WHAT IS NEEDED → Report every line of the material that contains the string "under".

SOURCE MATERIAL →
━━━━━━

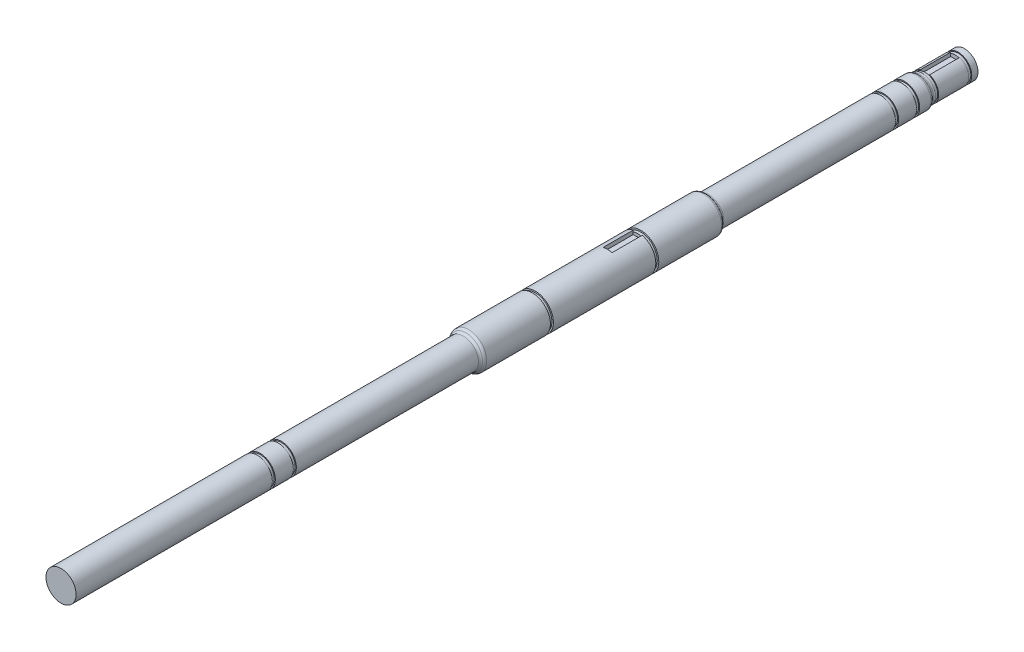
from build123d import *

# Parameters (mm, degrees)
SKETCH7_W           = 10
SKETCH7_H           = 1.5
CUT_EXTRUDE4_DEPTH  = 1.5
SKETCH8_W           = 10
SKETCH8_H           = 1.5
CUT_EXTRUDE5_DEPTH  = 1.5
SKETCH11_W          = 1
SKETCH11_H          = 0.35
SKETCH12_W          = 1
SKETCH12_H          = 0.35
SKETCH14_R          = 6
BOSS_EXTRUDE1_DEPTH = 20
BOSS_EXTRUDE2_START = 20
SKETCH15_R          = 6
BOSS_EXTRUDE2_DEPTH = 20
SKETCH18_W          = 1
SKETCH18_H          = 0.35
SKETCH19_W          = 1
SKETCH19_H          = 0.35
SKETCH22_W          = 0.996061345
SKETCH22_H          = 0.5
SKETCH26_W          = 1.000081644
SKETCH26_H          = 0.3
SKETCH27_W          = 1.000526486
SKETCH27_H          = 0.3
SKETCH29_W          = 1
SKETCH29_H          = 0.5
FILLET2_R           = 1
FILLET3_R           = 1
FILLET4_R           = 1
FILLET5_R           = 1
FILLET6_R           = 1
FILLET7_R           = 1


# Some blends are built 0.0001 mm under size
with BuildPart() as part:
    # Sketch1 → Revolve1 (revolve)
    with BuildSketch(Plane(origin=(0, 0, 0), x_dir=(0, 0, -1), z_dir=(1, 0, 0)), mode=Mode.PRIVATE) as revolve1_sk:
        Polygon((-134.992104591, 0), (165.007895409, 0), (165.007895409, 4.5), (149.357384883, 4.5), (149.357384883, 5), (59.357384883, 5), (59.357384883, 6), (19.357384883, 6), (19.357384883, 5), (-134.992104591, 5), align=None)
    revolve(revolve1_sk.sketch.rotate(Axis((0, 0, 134.992104591), (0, 0, -1)), 90), axis=Axis((0, 0, 134.992104591), (0, 0, -1)))

    # Sketch7 → Cut-Extrude4 (cut, symmetric)
    with BuildSketch(Plane(origin=(0, 0, 0), x_dir=(0, 0, -1), z_dir=(1, 0, 0))):
        with Locations((51.512242661, 5.25)):
            Rectangle(SKETCH7_W, SKETCH7_H)
    extrude(amount=CUT_EXTRUDE4_DEPTH, both=True, mode=Mode.SUBTRACT)

    # Sketch8 → Cut-Extrude5 (cut, symmetric)
    with BuildSketch(Plane(origin=(0, 0, 0), x_dir=(0, 0, -1), z_dir=(1, 0, 0))):
        with Locations((156.934482796, 3.75)):
            Rectangle(SKETCH8_W, SKETCH8_H)
    extrude(amount=CUT_EXTRUDE5_DEPTH, both=True, mode=Mode.SUBTRACT)

    # Cut-Sweep1: sweep along a path in Sketch10
    with BuildLine(Plane(origin=(0, 0, -137.647384883), x_dir=(-1, 0, 0), z_dir=(0, 0, -1))) as cut_sweep1_path:
        CenterArc((0, 0), 5, 0, 360)
    # Sketch11 → Cut-Sweep1 (sweep, cut)
    with BuildSketch(Plane(origin=(0, 0, 0), x_dir=(0, 0, -1), z_dir=(1, 0, 0))):
        with Locations((137.649818054, 4.825)):
            Rectangle(SKETCH11_W, SKETCH11_H)
    sweep(path=cut_sweep1_path.line, mode=Mode.SUBTRACT)

    # Cut-Sweep2: sweep along a path in Sketch9
    with BuildLine(Plane(origin=(0, 0, -144.647384883), x_dir=(-1, 0, 0), z_dir=(0, 0, -1))) as cut_sweep2_path:
        CenterArc((0, 0), 5, 0, 360)
    # Sketch12 → Cut-Sweep2 (sweep, cut)
    with BuildSketch(Plane(origin=(0, 0, 0), x_dir=(0, 0, -1), z_dir=(1, 0, 0))):
        with Locations((144.648120844, 4.825)):
            Rectangle(SKETCH12_W, SKETCH12_H)
    sweep(path=cut_sweep2_path.line, mode=Mode.SUBTRACT)

    # Sketch14 → Boss-Extrude1 (add)
    with BuildSketch(Plane(origin=(0, 0, -59.357384883), x_dir=(-1, 0, 0), z_dir=(0, 0, -1))):
        with Locations(Location((0, 0, 0), (0, 0, 180))):
            Circle(SKETCH14_R)
    extrude(amount=BOSS_EXTRUDE1_DEPTH)

    # Sketch15 → Boss-Extrude2 (add)
    with BuildSketch(Plane.XY.offset(-19.357384883).offset(BOSS_EXTRUDE2_START)):
        Circle(SKETCH15_R)
    extrude(amount=-BOSS_EXTRUDE2_DEPTH)

    # Cut-Sweep3: sweep along a path in Sketch16
    with BuildLine(Plane(origin=(0, 0, 62.352615117), x_dir=(-1, 0, 0), z_dir=(0, 0, -1))) as cut_sweep3_path:
        CenterArc((0, 0), 5, 0, 360)
    # Sketch18 → Cut-Sweep3 (sweep, cut)
    with BuildSketch(Plane(origin=(0, 0, 0), x_dir=(0, 0, -1), z_dir=(1, 0, 0))):
        with Locations((-62.354294527, 4.825)):
            Rectangle(SKETCH18_W, SKETCH18_H)
    sweep(path=cut_sweep3_path.line, mode=Mode.SUBTRACT)

    # Cut-Sweep4: sweep along a path in Sketch17
    with BuildLine(Plane(origin=(0, 0, 69.352615117), x_dir=(-1, 0, 0), z_dir=(0, 0, -1))) as cut_sweep4_path:
        CenterArc((0, 0), 5, 0, 360)
    # Sketch19 → Cut-Sweep4 (sweep, cut)
    with BuildSketch(Plane(origin=(0, 0, 0), x_dir=(0, 0, -1), z_dir=(1, 0, 0))):
        with Locations((-69.328460844, 4.825)):
            Rectangle(SKETCH19_W, SKETCH19_H)
    sweep(path=cut_sweep4_path.line, mode=Mode.SUBTRACT)

    # Cut-Sweep5: sweep along a path in Sketch20
    with BuildLine(Plane.XY.offset(-57.012242661)) as cut_sweep5_path:
        CenterArc((0, 0), 6, 0, 360)
    # Sketch22 → Cut-Sweep5 (sweep, cut)
    with BuildSketch(Plane(origin=(0, 0, 0), x_dir=(0, 0, -1), z_dir=(1, 0, 0))):
        with Locations((57.010273334, 5.75)):
            Rectangle(SKETCH22_W, SKETCH22_H)
    sweep(path=cut_sweep5_path.line, mode=Mode.SUBTRACT)

    # Cut-Sweep7: sweep along a path in Sketch24
    with BuildLine(Plane.XY.offset(-162.434482796)) as cut_sweep7_path:
        CenterArc((0, 0), 4.5, 0, 360)
    # Sketch26 → Cut-Sweep7 (sweep, cut)
    with BuildSketch(Plane(origin=(0, 0, 0), x_dir=(0, 0, -1), z_dir=(1, 0, 0))):
        with Locations((162.434523618, 4.35)):
            Rectangle(SKETCH26_W, SKETCH26_H)
    sweep(path=cut_sweep7_path.line, mode=Mode.SUBTRACT)

    # Cut-Sweep8: sweep along a path in Sketch25
    with BuildLine(Plane(origin=(0, 0, -151.434482796), x_dir=(-1, 0, 0), z_dir=(0, 0, -1))) as cut_sweep8_path:
        CenterArc((0, 0), 4.5, 0, 360)
    # Sketch27 → Cut-Sweep8 (sweep, cut)
    with BuildSketch(Plane(origin=(0, 0, 0), x_dir=(0, 0, -1), z_dir=(1, 0, 0))):
        with Locations((151.434219553, 4.35)):
            Rectangle(SKETCH27_W, SKETCH27_H)
    sweep(path=cut_sweep8_path.line, mode=Mode.SUBTRACT)

    # Cut-Sweep9: sweep along a path in Sketch28
    with BuildLine(Plane.XY.offset(-22.012242661)) as cut_sweep9_path:
        CenterArc((0, 0), 6, 0, 360)
    # Sketch29 → Cut-Sweep9 (sweep, cut)
    with BuildSketch(Plane(origin=(0, 0, 0), x_dir=(0, 0, -1), z_dir=(1, 0, 0))):
        with Locations((22.013204975, 5.75)):
            Rectangle(SKETCH29_W, SKETCH29_H)
    sweep(path=cut_sweep9_path.line, mode=Mode.SUBTRACT)

    # Fillet2
    # the kernel refuses this fillet: 1 mm, written as the material it adds along each edge
    with BuildSketch(Plane(origin=(0, 0, -149.357384883), x_dir=(1, 0, 0), z_dir=(0, 1, 0))) as fillet2_piece_1:
        with BuildLine():
            CenterArc((5.5, 0.866025404), FILLET2_R, 180, 60)
            Line((5, 0), (4.99, -0.017320508))
            ThreePointArc((4.99, -0.017320508), (4.75, -0.02), (4.5, -0.02))
            Line((4.5, -0.02), (4.48, 0))
            Line((4.48, 0), (4.48, 0.866025404))
            Line((4.48, 0.866025404), (4.5, 0.866025404))
        make_face()
    revolve(axis=Axis((0, 0, -149.357384883), (0, 0, -1)))

    # Fillet3
    fillet3_edges = [part.edges().sort_by_distance(p)[0] for p in [
        (-5, 0, -149.357384883),
    ]]
    fillet(fillet3_edges, radius=FILLET3_R)

    # Fillet4
    fillet4_edges = [part.edges().sort_by_distance(p)[0] for p in [
        (-6, 0, -79.357384883),
    ]]
    fillet(fillet4_edges, radius=FILLET4_R - 0.0001)  # a hair under: the kernel refuses the full size

    # Fillet5
    fillet5_edges = [part.edges().sort_by_distance(p)[0] for p in [
        (-5, 0, -79.357384883),
    ]]
    fillet(fillet5_edges, radius=FILLET5_R)

    # Fillet6
    fillet6_edges = [part.edges().sort_by_distance(p)[0] for p in [
        (-6, 0, 0.642615117),
    ]]
    fillet(fillet6_edges, radius=FILLET6_R - 0.0001)  # a hair under: the kernel refuses the full size

    # Fillet7
    fillet7_edges = [part.edges().sort_by_distance(p)[0] for p in [
        (-5, 0, 0.642615117),
    ]]
    fillet(fillet7_edges, radius=FILLET7_R)


solid = part.part

━━━━━━

SOLUTION →
# Some blends are built 0.0001 mm under size
    fillet(fillet4_edges, radius=FILLET4_R - 0.0001)  # a hair under: the kernel refuses the full size
    fillet(fillet6_edges, radius=FILLET6_R - 0.0001)  # a hair under: the kernel refuses the full size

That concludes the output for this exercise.